Soya hull, an underutilised coproduct of soya processing, was investigated as a source of disulphide‐rich bioactive proteins. A Viscozyme L‐assisted extraction method was developed to improve the yield of extracted proteins. The extracted proteins were identified by MALDI TOF–TOF MS, and the most abundant disulphide‐rich protein among identified proteins was purified and the enzymatic properties were evaluated. The results indicated that the Viscozyme L‐assisted extraction method extracted significantly (P < 0.05) more proteins (39.01%) than did the aqueous method (4.52%). The yield of the purified aspartic proteinase nepenthesin‐1‐like [Glycine max] (GmAPN1K) (the most abundant disulphide‐rich protein) is 570 mg Kg−1. The specific activity of GmAPN1K was 62.1 U mg−1 at pH 3.0 and 37 °C. The enzyme was optimally active at pH 3.0 and 55 °C. It was stable within pH range 3.0–10.0 and up to 55 °C, respectively, and was specifically inhibited by pepstatin A.

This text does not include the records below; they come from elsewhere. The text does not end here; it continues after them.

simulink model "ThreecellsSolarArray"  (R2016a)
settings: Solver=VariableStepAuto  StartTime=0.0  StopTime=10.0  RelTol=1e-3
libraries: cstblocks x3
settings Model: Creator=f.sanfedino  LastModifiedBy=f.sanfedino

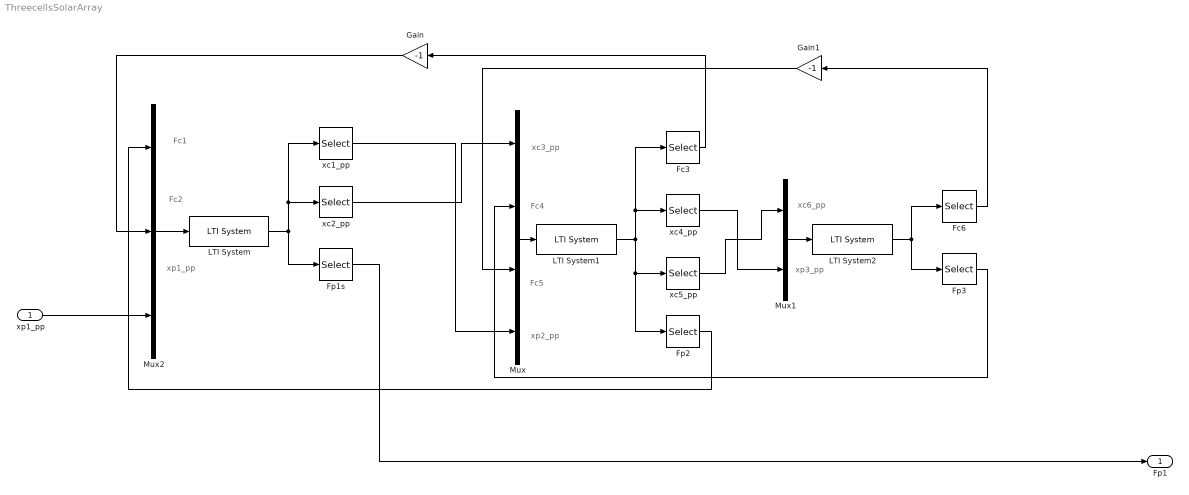
== system ThreecellsSolarArray ==
  note: xp1_pp
  note: Fc2
  note: Fc1
  note: xp3_pp
  note: xc6_pp
  note: xp2_pp
  note: Fc5
  note: Fc4
  note: xc3_pp
  xp1_pp : Inport  PortDimensions=3
  Fc3 : Selector  InputPortWidth=12  IndexOptions=Index vector (dialog)  Indices=[1:3]  OutputSizes=1
  Fc6 : Selector  InputPortWidth=6  IndexOptions=Index vector (dialog)  Indices=[1:3]  OutputSizes=1
  Fp1s : Selector  InputPortWidth=9  IndexOptions=Index vector (dialog)  Indices=[7:9]  OutputSizes=1
  Fp2 : Selector  InputPortWidth=12  IndexOptions=Index vector (dialog)  Indices=[10:12]  OutputSizes=1
  Fp3 : Selector  InputPortWidth=6  IndexOptions=Index vector (dialog)  Indices=[4:6]  OutputSizes=1
  Gain : Gain  Gain=-1
  Gain1 : Gain  Gain=-1
  LTI System : cstblocks/LTI System  sys=M1  IC=[]
  LTI System1 : cstblocks/LTI System  sys=M2_inv  IC=[]
  LTI System2 : cstblocks/LTI System  sys=M3_inv  IC=[]
  Mux : Mux
  Mux1 : Mux  Inputs=2
  Mux2 : Mux  Inputs=3
  xc1_pp : Selector  InputPortWidth=9  IndexOptions=Index vector (dialog)  Indices=[1:3]  OutputSizes=1
  xc2_pp : Selector  InputPortWidth=9  IndexOptions=Index vector (dialog)  Indices=[4:6]  OutputSizes=1
  xc4_pp : Selector  InputPortWidth=12  IndexOptions=Index vector (dialog)  Indices=[4:6]  OutputSizes=1
  xc5_pp : Selector  InputPortWidth=12  IndexOptions=Index vector (dialog)  Indices=[7:9]  OutputSizes=1
  Fp1 : Outport
  wires:
  LTI System/1 -> xc2_pp/1, xc1_pp/1, Fp1s/1
  LTI System1/1 -> xc4_pp/1, Fc3/1, Fp2/1, xc5_pp/1
  LTI System2/1 -> Fp3/1, Fc6/1
  Mux/1 -> LTI System1/1
  xc2_pp/1 -> Mux/1
  xc1_pp/1 -> Mux/4
  Mux1/1 -> LTI System2/1
  xc4_pp/1 -> Mux1/2
  xc5_pp/1 -> Mux1/1
  Fc6/1 -> Gain1/1
  Mux2/1 -> LTI System/1
  xp1_pp/1 -> Mux2/3
  Fc3/1 -> Gain/1
  Fp1s/1 -> Fp1/1
  Gain/1 -> Mux2/2
  Fp2/1 -> Mux2/1
  Fp3/1 -> Mux/2
  Gain1/1 -> Mux/3
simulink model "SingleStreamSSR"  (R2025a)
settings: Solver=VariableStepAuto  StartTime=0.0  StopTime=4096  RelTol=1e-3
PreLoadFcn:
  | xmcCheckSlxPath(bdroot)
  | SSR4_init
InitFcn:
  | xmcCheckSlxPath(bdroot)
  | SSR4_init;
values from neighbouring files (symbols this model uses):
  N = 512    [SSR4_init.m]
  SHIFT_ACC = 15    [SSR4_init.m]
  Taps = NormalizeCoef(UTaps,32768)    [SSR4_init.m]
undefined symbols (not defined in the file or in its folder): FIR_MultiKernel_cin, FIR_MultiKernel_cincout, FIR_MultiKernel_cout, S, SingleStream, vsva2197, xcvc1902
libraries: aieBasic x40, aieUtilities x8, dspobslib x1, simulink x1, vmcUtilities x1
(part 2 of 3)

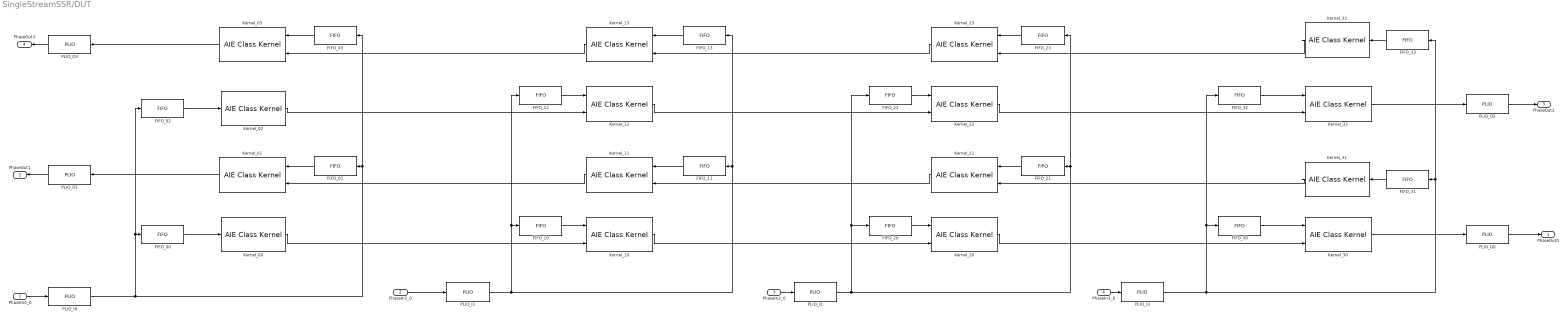
== system SingleStreamSSR/DUT ==
  PhaseIn0_0 : Inport
  PhaseIn1_0 : Inport  Port=2
  PhaseIn2_0 : Inport  Port=3
  PhaseIn3_0 : Inport  Port=4
  FIFO_00 : aieBasic/FIFO  FifoDepth=512  FIFOType=0  TileType=0  RowLocation=0  ColLocation=0  channel=0  blockJsonConstraints="[{\"type\":\"constraint\",\"constraintType\":\"location_fifo\",\"sid\":\"401\",\"lhs\":{\"type\":\"location\",\"templParam\":\"fifo\",\"args\":{\"type\":\"fifo\",\"name\":\"SingleStreamSSR/SSR4/FIFO_00\",\"sid\":\"401\"}},\"rhs\":{\"type\":\"fifogroup\",\"fifotype\":\"dma_fifo\",\"tiletype\":\"aie\",\"column\":{\"type\":\"evaluable\",\"expr\":\"25\",\"value\":25},\"row\":{\"type\":\"evaluable\",\"expr\":\"0\",\"value\":0},\"address\":{\"type\":\"evaluable\",\"expr\":\"0x0000\",\"value\":0},\"identifier\":\"0\",\"size\":{\"type\":\"evaluable\",\"expr\":\"512\",\"value\":512}},\"equality\":true}]"  deprecateConstraints=1
  FIFO_01 : aieBasic/FIFO  FifoDepth=512  FIFOType=0  TileType=0  RowLocation=0  ColLocation=0  channel=0  blockJsonConstraints="[{\"type\":\"constraint\",\"constraintType\":\"location_fifo\",\"sid\":\"404\",\"lhs\":{\"type\":\"location\",\"templParam\":\"fifo\",\"args\":{\"type\":\"fifo\",\"name\":\"SingleStreamSSR/SSR4/FIFO_01\",\"sid\":\"404\"}},\"rhs\":{\"type\":\"fifogroup\",\"fifotype\":\"dma_fifo\",\"tiletype\":\"aie\",\"column\":{\"type\":\"evaluable\",\"expr\":\"25\",\"value\":25},\"row\":{\"type\":\"evaluable\",\"expr\":\"1\",\"value\":1},\"address\":{\"type\":\"evaluable\",\"expr\":\"0x0000\",\"value\":0},\"identifier\":\"0\",\"size\":{\"type\":\"evaluable\",\"expr\":\"512\",\"value\":512}},\"equality\":true}]"  deprecateConstraints=1
  FIFO_02 : aieBasic/FIFO  FifoDepth=512  FIFOType=0  TileType=0  RowLocation=0  ColLocation=0  channel=0  blockJsonConstraints="[{\"type\":\"constraint\",\"constraintType\":\"location_fifo\",\"sid\":\"402\",\"lhs\":{\"type\":\"location\",\"templParam\":\"fifo\",\"args\":{\"type\":\"fifo\",\"name\":\"SingleStreamSSR/SSR4/FIFO_02\",\"sid\":\"402\"}},\"rhs\":{\"type\":\"fifogroup\",\"fifotype\":\"dma_fifo\",\"tiletype\":\"aie\",\"column\":{\"type\":\"evaluable\",\"expr\":\"25\",\"value\":25},\"row\":{\"type\":\"evaluable\",\"expr\":\"2\",\"value\":2},\"address\":{\"type\":\"evaluable\",\"expr\":\"0x0000\",\"value\":0},\"identifier\":\"0\",\"size\":{\"type\":\"evaluable\",\"expr\":\"512\",\"value\":512}},\"equality\":true}]"  deprecateConstraints=1
  FIFO_03 : aieBasic/FIFO  FifoDepth=512  FIFOType=0  TileType=0  RowLocation=0  ColLocation=0  channel=0  blockJsonConstraints="[{\"type\":\"constraint\",\"constraintType\":\"location_fifo\",\"sid\":\"403\",\"lhs\":{\"type\":\"location\",\"templParam\":\"fifo\",\"args\":{\"type\":\"fifo\",\"name\":\"SingleStreamSSR/SSR4/FIFO_03\",\"sid\":\"403\"}},\"rhs\":{\"type\":\"fifogroup\",\"fifotype\":\"dma_fifo\",\"tiletype\":\"aie\",\"column\":{\"type\":\"evaluable\",\"expr\":\"25\",\"value\":25},\"row\":{\"type\":\"evaluable\",\"expr\":\"3\",\"value\":3},\"address\":{\"type\":\"evaluable\",\"expr\":\"0x0000\",\"value\":0},\"identifier\":\"0\",\"size\":{\"type\":\"evaluable\",\"expr\":\"512\",\"value\":512}},\"equality\":true}]"  deprecateConstraints=1
  FIFO_10 : aieBasic/FIFO  FifoDepth=512  FIFOType=0  TileType=0  RowLocation=0  ColLocation=0  channel=0  blockJsonConstraints="[{\"type\":\"constraint\",\"constraintType\":\"location_fifo\",\"sid\":\"405\",\"lhs\":{\"type\":\"location\",\"templParam\":\"fifo\",\"args\":{\"type\":\"fifo\",\"name\":\"SingleStreamSSR/SSR4/FIFO_10\",\"sid\":\"405\"}},\"rhs\":{\"type\":\"fifogroup\",\"fifotype\":\"dma_fifo\",\"tiletype\":\"aie\",\"column\":{\"type\":\"evaluable\",\"expr\":\"26\",\"value\":26},\"row\":{\"type\":\"evaluable\",\"expr\":\"0\",\"value\":0},\"address\":{\"type\":\"evaluable\",\"expr\":\"0x0000\",\"value\":0},\"identifier\":\"0\",\"size\":{\"type\":\"evaluable\",\"expr\":\"512\",\"value\":512}},\"equality\":true}]"  deprecateConstraints=1
  FIFO_11 : aieBasic/FIFO  FifoDepth=512  FIFOType=0  TileType=0  RowLocation=0  ColLocation=0  channel=0  blockJsonConstraints="[{\"type\":\"constraint\",\"constraintType\":\"location_fifo\",\"sid\":\"407\",\"lhs\":{\"type\":\"location\",\"templParam\":\"fifo\",\"args\":{\"type\":\"fifo\",\"name\":\"SingleStreamSSR/SSR4/FIFO_11\",\"sid\":\"407\"}},\"rhs\":{\"type\":\"fifogroup\",\"fifotype\":\"dma_fifo\",\"tiletype\":\"aie\",\"column\":{\"type\":\"evaluable\",\"expr\":\"26\",\"value\":26},\"row\":{\"type\":\"evaluable\",\"expr\":\"1\",\"value\":1},\"address\":{\"type\":\"evaluable\",\"expr\":\"0x0000\",\"value\":0},\"identifier\":\"0\",\"size\":{\"type\":\"evaluable\",\"expr\":\"512\",\"value\":512}},\"equality\":true}]"  deprecateConstraints=1
  FIFO_12 : aieBasic/FIFO  FifoDepth=512  FIFOType=0  TileType=0  RowLocation=0  ColLocation=0  channel=0  blockJsonConstraints="[{\"type\":\"constraint\",\"constraintType\":\"location_fifo\",\"sid\":\"406\",\"lhs\":{\"type\":\"location\",\"templParam\":\"fifo\",\"args\":{\"type\":\"fifo\",\"name\":\"SingleStreamSSR/SSR4/FIFO_12\",\"sid\":\"406\"}},\"rhs\":{\"type\":\"fifogroup\",\"fifotype\":\"dma_fifo\",\"tiletype\":\"aie\",\"column\":{\"type\":\"evaluable\",\"expr\":\"26\",\"value\":26},\"row\":{\"type\":\"evaluable\",\"expr\":\"2\",\"value\":2},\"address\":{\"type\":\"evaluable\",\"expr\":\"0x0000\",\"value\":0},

Soya hulls can be used as the source of disulphide‐rich bioactive proteins (DRBP) and the Viscozyme L‐assisted extraction could be employed as an effective strategy to isolate DRBP s from soya hulls. Moreover, GmAPN1K, a novel DRBP, which could be developed as processing aids to apply in the food industry by protein engineering.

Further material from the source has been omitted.